◆ AIM OF THE TASK ◆
Write out the records that follow exactly. Do not include pictures.

*** SOURCE RECORDS Section Begins ***

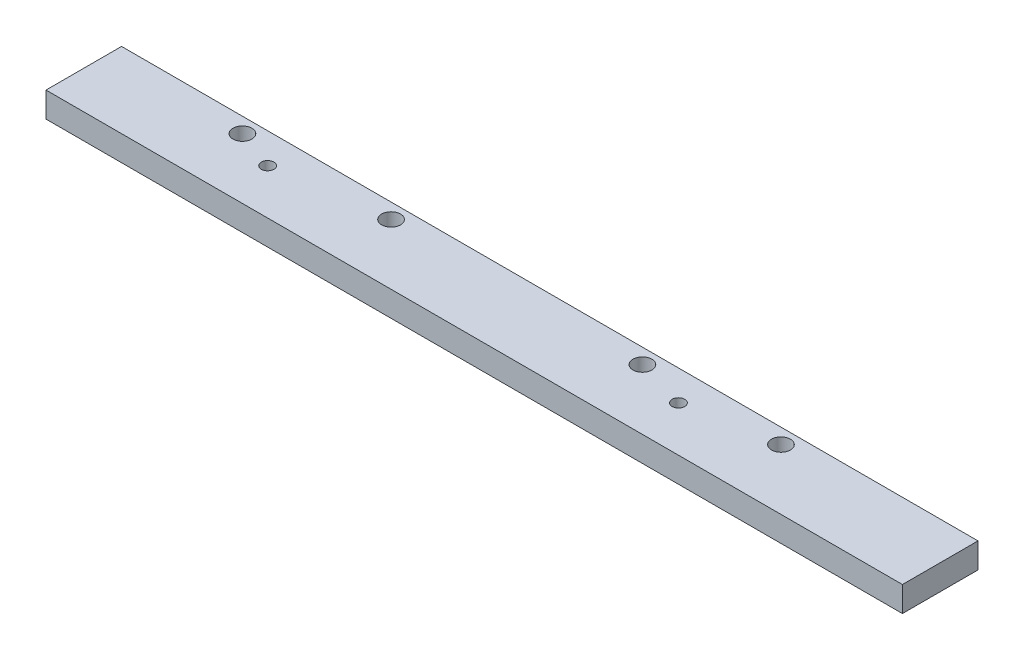
from build123d import *

# Parameters (mm, degrees)
SKETCH1_W           = 431.8
SKETCH1_H           = 38.1
SKETCH1_R           = 4.7625
SKETCH1_R_2         = 3.175
BOSS_EXTRUDE1_DEPTH = 12.7


with BuildPart() as part:
    # Sketch1 → Boss-Extrude1 (new body)
    with BuildSketch(Plane(origin=(0, 0, 0), x_dir=(1, 0, 0), z_dir=(0, 1, 0))):
        with Locations((215.9, 19.05)):
            Rectangle(SKETCH1_W, SKETCH1_H)
        with Locations((68.559149034, 30.48)):
            Circle(SKETCH1_R, mode=Mode.SUBTRACT)
        with Locations((143.489149034, 30.48)):
            Circle(SKETCH1_R, mode=Mode.SUBTRACT)
        with Locations((270.227529034, 30.48)):
            Circle(SKETCH1_R, mode=Mode.SUBTRACT)
        with Locations((340.077529034, 30.48)):
            Circle(SKETCH1_R, mode=Mode.SUBTRACT)
        with Locations((88.9, 22.83757688)):
            Circle(SKETCH1_R_2, mode=Mode.SUBTRACT)
        with Locations((296.037, 22.83757688)):
            Circle(SKETCH1_R_2, mode=Mode.SUBTRACT)
    extrude(amount=BOSS_EXTRUDE1_DEPTH)


solid = part.part

*** SOURCE RECORDS Section Ends ***

◆ OUTPUT OF THE TASK ◆
from build123d import *

# Parameters (mm, degrees)
SKETCH1_W           = 431.8
SKETCH1_H           = 38.1
SKETCH1_R           = 4.7625
SKETCH1_R_2         = 3.175
BOSS_EXTRUDE1_DEPTH = 12.7


with BuildPart() as part:
    # Sketch1 → Boss-Extrude1 (new body)
    with BuildSketch(Plane(origin=(0, 0, 0), x_dir=(1, 0, 0), z_dir=(0, 1, 0))):
        with Locations((215.9, 19.05)):
            Rectangle(SKETCH1_W, SKETCH1_H)
        with Locations((68.559149034, 30.48)):
            Circle(SKETCH1_R, mode=Mode.SUBTRACT)
        with Locations((143.489149034, 30.48)):
            Circle(SKETCH1_R, mode=Mode.SUBTRACT)
        with Locations((270.227529034, 30.48)):
            Circle(SKETCH1_R, mode=Mode.SUBTRACT)
        with Locations((340.077529034, 30.48)):
            Circle(SKETCH1_R, mode=Mode.SUBTRACT)
        with Locations((88.9, 22.83757688)):
            Circle(SKETCH1_R_2, mode=Mode.SUBTRACT)
        with Locations((296.037, 22.83757688)):
            Circle(SKETCH1_R_2, mode=Mode.SUBTRACT)
    extrude(amount=BOSS_EXTRUDE1_DEPTH)


solid = part.part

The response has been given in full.